Despite the discrepancy between CCSD and DMC findings for Cmca-4, we point out that the good agreement for the static lattice enthalpies of the most stable high-pressure hydrogen phases is encouraging. Achieving accurate thermodynamic limit results for such systems on the level of CCSD theory has only become possible recently due to the development of the corresponding finite size corrections as outlined in refs 43,44 Furthermore, we note that the computational cost of the corresponding CCSD calculations is still moderate compared with methods with a similar accuracy. A single CCSD ground-state energy calculation for a system containing 96 atoms using 400 bands requires ~250 CPU hours, implying that it will become possible in the near future to perform structural relaxation of the employed crystal structures rather than relying on structures optimised using DFT-PBE. This is necessary for truly reliable predictions of high-pressure phases of solid hydrogen.

We have presented static lattice enthalpies for high-pressure phases of solid hydrogen calculated using state-of-the-art electronic structure methods, including coupled cluster theory. We find that CCSD theory results agree well with DMC findings from ref.: 2 phase C2/c-24 becomes more stable than phase P2\({}_{1}\)/c-24 at ~250 GPa; phase Cmca-4 and Cmca-12 are less stable than phase C2/c-24 in the pressure range from 100 GPa to 400 GPa. The only discrepancy between CCSD and DMC is found for the Cmca-4 phase, and we have discussed possible sources of error. Future work will include the effects of the nuclei motions which are crucial in making theoretical predictions comparable with experiments. Based on the presented findings, the required computational cost of the employed CCSD implementation and recent methodological advancements,59 we conclude that prospective CCSD studies will make it possible to optimise structures of solid hydrogen phases at high pressures with DMC accuracy. This will enable complementary CCSD and DMC studies with a significantly improved level of accuracy and achieve unprecedented physical insight into the Wigner–Huntington transition of solid hydrogen.

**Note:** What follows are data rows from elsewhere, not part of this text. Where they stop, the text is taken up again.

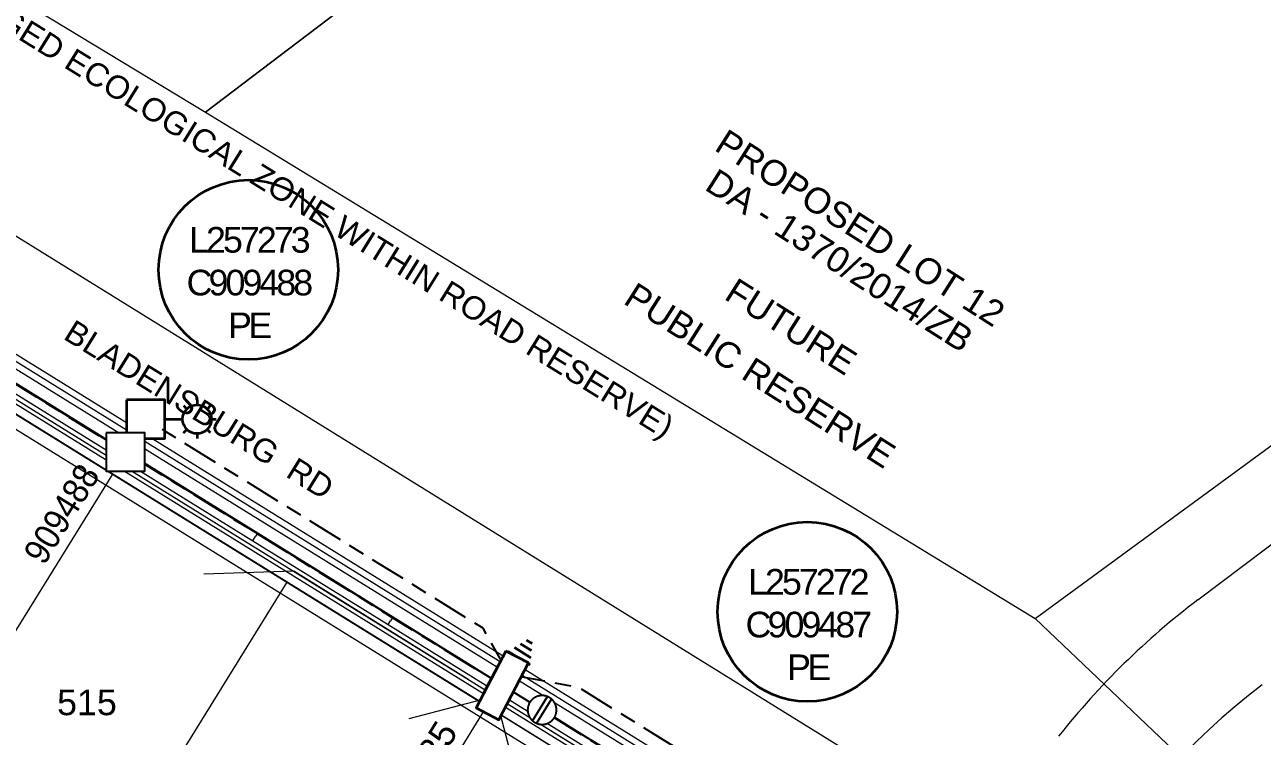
# Model space of a CAD drawing. Header units: metres. Extents: x 0 to 309348, y 0 to 6272736.
# Drawn here: x 308951.7 to 309048.2, y 6271971.2 to 6272026.7 of the extents above; entities that cross this region are included whole.
import ezdxf
from ezdxf.enums import TextEntityAlignment as Align

# ---------------------------------------------------------------- set-up
doc = ezdxf.new("R2010")
doc.units = ezdxf.units.M
doc.linetypes.add('Cable Exist UG', pattern=[8.2, 4, -1.2, 1.8, -1.2])
doc.linetypes.add('DASHED', pattern=[0.75, 0.5, -0.25])
doc.layers.get('0').update_dxf_attribs({"color": 6})
for name, color, linetype, lineweight in [('_User Miscellaneous1', 30, 'Continuous', 13), ('_User_LV_Exist', 5, 'Continuous', 35), ('Cadastre Developer_SP_NEW', 92, 'Continuous', 15), ('Cadastre Easements_SP_NEW', 52, 'DASHED', 15), ('Cadastre Roads_SP_NEW', 214, 'Continuous', 15)]:
    doc.layers.add(name, color=color, linetype=linetype, lineweight=lineweight)
doc.layers.add('_User Miscellaneous10', color=252, linetype='Continuous', lineweight=13, plot=False, transparency=0.85)
for name, color, linetype in [('Equip_SP_LV_NEW', 2, 'Continuous'), ('Services_SP_NEW_R4', 2, 'Continuous'), ('SupportsUG_SP_LV_NEW', 2, 'Continuous'), ('SupportsUG_SP_LV_SL_NEW', 2, 'Continuous')]:
    doc.layers.add(name, color=color, linetype=linetype)
doc.styles.add('ARIAL', font='arial.ttf', dxfattribs={"height": 2})
doc.styles.add('iecARIAL', font='arial.ttf', dxfattribs={"height": 2})
doc.styles.add('SL_LABEL', font='arial.ttf', dxfattribs={"height": 2})
doc.styles.get("Standard").update_dxf_attribs({"font": 'arial.ttf'})
doc.linetypes.add('IE Trench HV', pattern='A,5,-0.2,["/",Standard,S=2,R=0,X=0.5,Y=-1],-2', length=7.2)

# ---------------------------------------------------------------- blocks, each defined once
blk = doc.blocks.new('SL_LANTERN_NEW')
at = {"flags": 9}
for tag, p in [('LANTNUMBER', (-1.4, 2.6)), ('LOUTREACH', (-1.4, 2.2)), ('LOUTREACHVOCAB', (-1.4, 2)), ('LRATECODE', (-1.4, 1.8)), ('LREMOVE', (-1.4, 1.6)), ('LREPLACE', (-1.4, 1.4)), ('LTYPEVOCAB', (-1.4, 1)), ('LTYPE', (-1.4, 1.2)), ('LEGEND', (-1.4, 0.8)), ('SUBURB', (-1.4, 0.6)), ('STREETNAME', (-1.4, 0.4)), ('LOCATION', (-1.4, 0.2)), ('LNEW', (-6.4, 0)), ('LMASTVOCAB', (-6.2, 0)), ('LMAST', (-6, 0)), ('LLAMPVOCAB', (-5.8, 0)), ('LLAMP', (-5.6, 0)), ('LEXIST', (-5.4, 0)), ('LCHARGE3PERCENT', (-5.2, 0)), ('LCHARGE3', (-5, 0)), ('LCHARGE2PERCENT', (-4.8, 0)), ('LCHARGE2', (-4.6, 0)), ('LCHARGE1PERCENT', (-4.4, 0)), ('LCHARGE1', (-4.2, 0)), ('LCATEGORY', (-4, 0)), ('LBRACKETVOCAB', (-3.8, 0)), ('LBRACKET', (-3.6, 0)), ('LKINGHEIGHT', (-3.4, 0)), ('CREPLACE', (-3.2, 0)), ('CREMOVE', (-3, 0)), ('CNUMBER', (-2.8, 0)), ('CNEW', (-2.6, 0)), ('CEXIST', (-2.4, 0)), ('USAGE', (-2.2, 0)), ('STATE', (-2, 0)), ('OWNED_BY', (-1.8, 0)), ('ORIENTATION', (-1.6, 0)), ('OPERATING_VOLTAGE', (-1.4, 0)), ('MAINTAINED_BY', (-1.4, -0.663)), ('NOTES', (-1.4, 0)), ('NO_PHASES', (-1.2, 0)), ('LANTERN_TYPE', (-1, 0)), ('LANTERN_PURPOSE', (-0.8, 0)), ('CONTROL_TYPE', (-0.6, 0)), ('CONSTRUCTED_VOLTAGE', (-0.4, 0))]:
    blk.add_attdef(tag, text='', height=0.2, rotation=270, dxfattribs=at).set_placement(p, align=Align.MIDDLE_LEFT)
at = {"style": 'SL_LABEL', "flags": 8}
blk.add_attdef('ASSET_NUM', text='', height=1, dxfattribs=at).set_placement((7, 1), align=Align.MIDDLE_LEFT)
for tag, p, height, flags in [('OPERATED_BY', (-1.4, -0.407), 0.2, 9), ('Z', (0, 0), 0.001, 1)]:
    blk.add_attdef(tag, p, '', height=height, rotation=270, dxfattribs=dict(flags=flags))
at = {"style": 'SL_LABEL', "flags": 9}
blk.add_attdef('STREET_CODE', text='', height=0.001, rotation=270, dxfattribs=at).set_placement((0.001, 0), align=Align.MIDDLE_LEFT)
at = {"flags": 8}
blk.add_attdef('LNUMBER', text='', height=1, dxfattribs=at).set_placement((7, -1), align=Align.MIDDLE_LEFT)
blk.add_wipeout([(5.688, 0), (5.061, -1.061), (4, -1.688), (2.939, -1.061), (2.313, 0), (2.939, 1.061), (4, 1.687), (5.061, 1.061)])
for p, q in [((2.939, 1.061), (3.205, 0.795)), ((4, 1.5), (4, 1.125)), ((5.061, 1.061), (4.795, 0.795)), ((0, 0), (2.875, 0)), ((2.939, -1.061), (3.205, -0.795)), ((5.061, -1.061), (4.795, -0.795)), ((5.125, 0), (5.5, 0)), ((4, -1.125), (4, -1.5))]:
    blk.add_line(p, q)
blk.add_circle((4, 0), 1.125)
blk = doc.blocks.new('PILLAR_NEW')
at = {"width": 0.9}
blk.add_attdef('ASSET_NUM', text='', height=2, dxfattribs=at).set_placement((4, 2), align=Align.MIDDLE_LEFT)
for tag, p, flags in [('SUBURB', (-2, 0), 1), ('STREETNAME', (-1.8, 0), 9), ('PARENT', (-1.6, 0), 9), ('NOTES', (-1.4, 0), 9), ('LOCATION', (-1.2, 0), 9), ('LEGEND', (-1, 0), 9), ('USAGE', (-0.8, 0), 9), ('SUPPORT_TYPE', (-0.6, 0), 9), ('STATE', (-0.4, 0), 9), ('OWNED_BY', (-0.2, 0), 9)]:
    blk.add_attdef(tag, p, '', height=0.2, rotation=270, dxfattribs=dict(flags=flags))
blk.add_wipeout([(1, 2.5), (1, -2.5), (-1, -2.5), (-1, 2.5)])
blk.add_lwpolyline([(-1, 2.5), (-1, -1.25), (-1, 1.25), (-1, -2.5), (1, -2.5), (1, 2.5)], close=True)
blk = doc.blocks.new('*U329')
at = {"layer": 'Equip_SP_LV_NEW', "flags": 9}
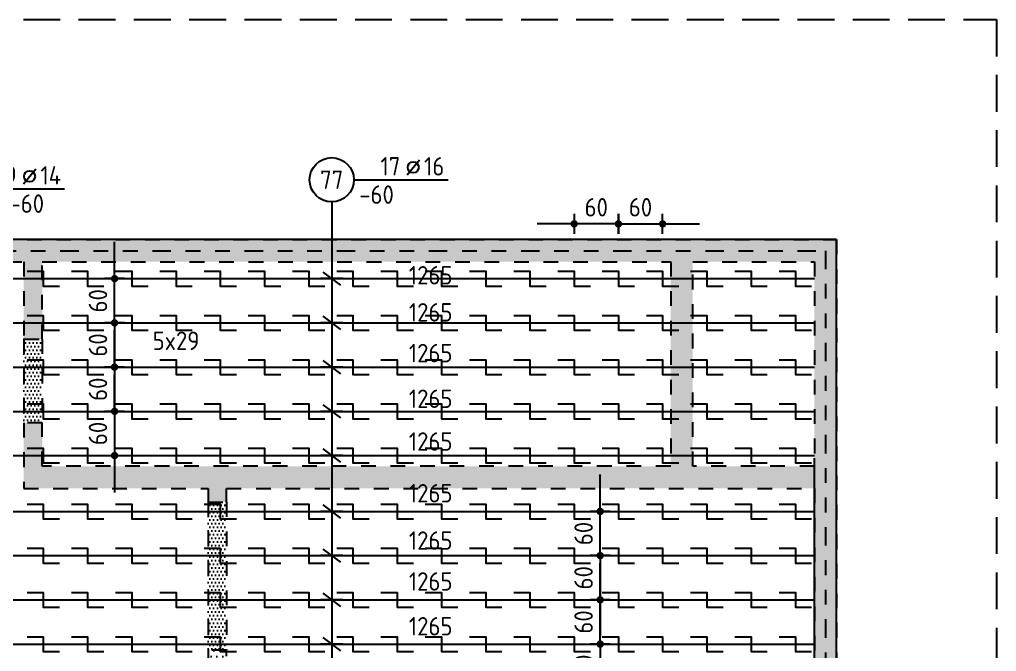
# Model space of a CAD drawing. Extents: x -45 to 98, y -32 to 51.
# Drawn here: x 57.83 to 64.46, y 5.93 to 10.21 of the extents above; entities that cross this region are included whole.
import ezdxf
from ezdxf.enums import TextEntityAlignment as Align

# ---------------------------------------------------------------- set-up
doc = ezdxf.new("R2010")
doc.units = 0
doc.header["$LTSCALE"] = 0.5
for name, pattern in [('AUSGEZOGEN', [1000.01, 1000, 0.01]), ('DIVIDE2', [0.625, 0.25, -0.125, 0, -0.125, 0, -0.125]), ('DOT', [0.175, 0.05, -0.125]), ('STRICHLINIE', [0.75, 0.5, -0.25])]:
    doc.linetypes.add(name, pattern=pattern)
for name, color, linetype in [('2.UG', 7, 'Continuous'), ('AFB', 7, 'Continuous'), ('BETON', 7, 'Continuous'), ('Brüstung 2.UG', 7, 'Continuous'), ('DETAIL', 7, 'Continuous'), ('MASSE', 7, 'Continuous'), ('RND', 7, 'Continuous'), ('SCHRAFF', 7, 'Continuous')]:
    doc.layers.add(name, color=color, linetype=linetype)
doc.layers.add('NOPLOT', color=7, linetype='Continuous', plot=False)
doc.styles.add('txt', font='isocp.shx')
doc.dimstyles.new('DOT_I', dxfattribs={"dimscale": 0.5, "dimtxt": 0.25, "dimasz": 0.25, "dimexe": 0.1, "dimexo": 0.3, "dimgap": 0.1, "dimtad": 1, "dimdec": 3, "dimzin": 3, "dimtxsty": 'txt', "dimblk": 'DOT', "dimblk1": 'DOT', "dimblk2": 'DOT', "dimsah": 1, "dimcen": 0.1, "dimse1": 1, "dimse2": 1, "dimazin": 0, "dimtfac": 1, "dimtdec": 4, "dimtix": 1, "dimtmove": 2, "dimatfit": 3, "dimfxl": 0, "dimtvp": 1, "dimtolj": 1, "dimtzin": 0, "dimarcsym": 0})
pattern_1 = [(0, (42.543227, -10.614945), (0.01984375, 0.0396875), [0, -0.0396875])]
pattern_2 = [(0, (4.462836, 238.246266), (0.0125, 0.025), [0, -0.025])]

# ---------------------------------------------------------------- blocks, each defined once
blk = doc.blocks.new('RND_LEI')
at = {"layer": 'RND', "color": 7, "linetype": 'Continuous'}
blk.add_line((1.022, 0.066), (1.19, 0.27), dxfattribs=at)
for centre, radius in [((0, 0), 0.3), ((1.106, 0.168), 0.075)]:
    blk.add_circle(centre, radius, dxfattribs=at)
at = {"layer": 'RND', "color": 7, "linetype": 'Continuous', "style": 'txt'}
blk.add_attdef('ANZ', text='', height=0.25, dxfattribs=at).set_placement((0.931, 0.057), align=Align.RIGHT)
for tag, p in [('DUM', (1.253, 0.057)), ('ABSTD', (1.674, 0.057)), ('POSTXT', (0.374, -0.327))]:
    blk.add_attdef(tag, p, '', height=0.25, dxfattribs=at)
blk.add_attdef('POSL', text='', height=0.25, dxfattribs=at).set_placement((0, 0), align=Align.MIDDLE)
blk = doc.blocks.new('lei_gre')
at = {"layer": 'RND', "color": 7, "linetype": 'Continuous'}
for p, q in [((0, 0.15), (0, -0.15)), ((-0.09, -0.12), (0.09, 0.12))]:
    blk.add_line(p, q, dxfattribs=at)
blk = doc.blocks.new('DOT')
at = {"layer": 'MASSE', "color": 7, "linetype": 'Continuous'}
for p, q in [((0, 0.54), (0, -0.54)), ((0, 0), (-1, 0))]:
    blk.add_line(p, q, dxfattribs=at)
at = {"layer": 'MASSE', "color": 7, "linetype": 'Continuous', "const_width": 0.2}
blk.add_lwpolyline([(-0.1, 0, 1), (0.1, 0, 1)], format="xyb", close=True, dxfattribs=at)
blk = doc.blocks.new('*D66')
at = {"layer": 'Defpoints', "color": 0, "linetype": 'AUSGEZOGEN', "transparency": 16777216}
for p in [(58.4783, 8.457), (58.4783, 8.457), (58.4783, 8.157)]:
    blk.add_point(p, dxfattribs=at)
at = {"layer": 'MASSE', "color": 0, "linetype": 'AUSGEZOGEN', "lineweight": -2, "transparency": 16777216}
for p, q in [((58.4783, 8.582), (58.4783, 8.707)), ((58.4783, 8.157), (58.4783, 8.457)), ((58.4783, 8.032), (58.4783, 7.907))]:
    blk.add_line(p, q, dxfattribs=at)
at = {"layer": 'MASSE', "color": 0, "linetype": 'AUSGEZOGEN', "lineweight": -2, "transparency": 16777216, "xscale": 0.125, "yscale": 0.125, "zscale": 0.125}
for p, rotation in [((58.4783, 8.457), 270), ((58.4783, 8.157), 90)]:
    blk.add_blockref('DOT', p, dxfattribs=dict(at, rotation=rotation))
at = {"layer": 'MASSE', "color": 0, "linetype": 'AUSGEZOGEN', "transparency": 16777216, "insert": (58.3658, 8.307), "char_height": 0.125, "attachment_point": 5, "rotation": 90, "style": 'txt'}
blk.add_mtext('\\A1;60', dxfattribs=at)
blk = doc.blocks.new('*D67')
at = {"layer": 'Defpoints', "color": 0, "linetype": 'AUSGEZOGEN', "transparency": 16777216}
for p in [(58.4783, 8.157), (58.4783, 7.857), (58.4783, 7.857)]:
    blk.add_point(p, dxfattribs=at)
at = {"layer": 'MASSE', "color": 0, "linetype": 'AUSGEZOGEN', "lineweight": -2, "transparency": 16777216}
for p, q in [((58.4783, 8.282), (58.4783, 8.407)), ((58.4783, 8.157), (58.4783, 7.857)), ((58.4783, 7.732), (58.4783, 7.607))]:
    blk.add_line(p, q, dxfattribs=at)
at = {"layer": 'MASSE', "color": 0, "linetype": 'AUSGEZOGEN', "lineweight": -2, "transparency": 16777216, "xscale": 0.125, "yscale": 0.125, "zscale": 0.125}
for p, rotation in [((58.4783, 8.157), 270), ((58.4783, 7.857), 90)]:
    blk.add_blockref('DOT', p, dxfattribs=dict(at, rotation=rotation))
at = {"layer": 'MASSE', "color": 0, "linetype": 'AUSGEZOGEN', "transparency": 16777216, "insert": (58.3658, 8.007), "char_height": 0.125, "attachment_point": 5, "rotation": 90, "style": 'txt'}
blk.add_mtext('\\A1;60', dxfattribs=at)
blk = doc.blocks.new('*D68')
at = {"layer": 'Defpoints', "color": 0, "linetype": 'AUSGEZOGEN', "transparency": 16777216}
for p in [(58.4783, 7.857), (58.4783, 7.557), (58.4783, 7.557)]:
    blk.add_point(p, dxfattribs=at)
at = {"layer": 'MASSE', "color": 0, "linetype": 'AUSGEZOGEN', "lineweight": -2, "transparency": 16777216}
for p, q in [((58.4783, 7.982), (58.4783, 8.107)), ((58.4783, 7.857), (58.4783, 7.557)), ((58.4783, 7.432), (58.4783, 7.307))]:
    blk.add_line(p, q, dxfattribs=at)
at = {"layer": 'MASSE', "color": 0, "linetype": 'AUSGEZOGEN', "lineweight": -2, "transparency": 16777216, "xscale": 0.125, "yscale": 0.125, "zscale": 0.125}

The CCSD calculations have been performed employing the coupled cluster for solids (CC4S) code interfaced to the Vienna ab initio simulation package (VASP). The projector augmented wave method, as implemented in VASP,54,61,62 is used for all calculations. This section provides an overview of the computational methods and convergence techniques employed in this work. For more details, we refer the reader to the corresponding sections in the supplementary information under the same section titles.


The structures have been optimised using DFT-PBE and are similar to those employed in ref. 12 The forces on the atoms of the optimised structures are not larger than 0.1 eV/Å. With hindsight, it would have been preferable to use exactly the same structures as published in ref. 2 However, for the purpose of this work, the agreement between the structures suffices. For the CCSD calculations, we employ supercells containing up to 96 atoms that are as isotropic as possible and are obtained using the same method as described in the supplementary Note 2 of ref. 2 In this manner, finite size errors can be significantly reduced.

CCSD basis set convergence

For the equilibrium phase boundaries in the pressure–temperature phase diagram, only relative enthalpies are relevant. Therefore, we have converged the energy differences with respect to the basis set only. MP2 natural orbitals (MP2NOs)63 provide faster convergence than canonical Hartree–Fock orbitals (HFOs) computed from the full plane wave basis set. The convergence tests of the CCSD correlation energy differences with respect to the number of orbitals per atom relative to phase C2/c-24 have been carried out using supercells containing 24 atoms for all phases, except for phase P6\({}_{3}\)/m-16 which contains 16 atoms in the supercells. The results are summarised in Table I and Fig. 1 in the Supplementary Information File. We note that the basis set incompleteness errors are mainly due to the electronic cusp conditions, which are very local effects and are not dependent on the supercell size.64

Hartree–Fock finite size convergence

The HF energies are converged to within 1 meV/atom using increasingly large supercells or dense \(k\)-meshes sampling the first Brillouin zone. The required system sizes for all phases are summarised in Table II in the Supplementary Information.

CCSD finite size convergence

The twist-averaging technique65 and finite size corrections,43,44 based on the interpolation of the transition structure factor, are applied on 96-atom supercells to approximate the thermodynamic limit of the CCSD correlation energies.

Post-CCSD error estimates

We applied some higher level theories, including DCSD,66,67 CCSD(T)42,68 and FCIQMC, to estimate the post-CCSD error. The results are summarised in Fig. 2, Fig. 3, Fig. 4 and Table III in the Supplementary Information File.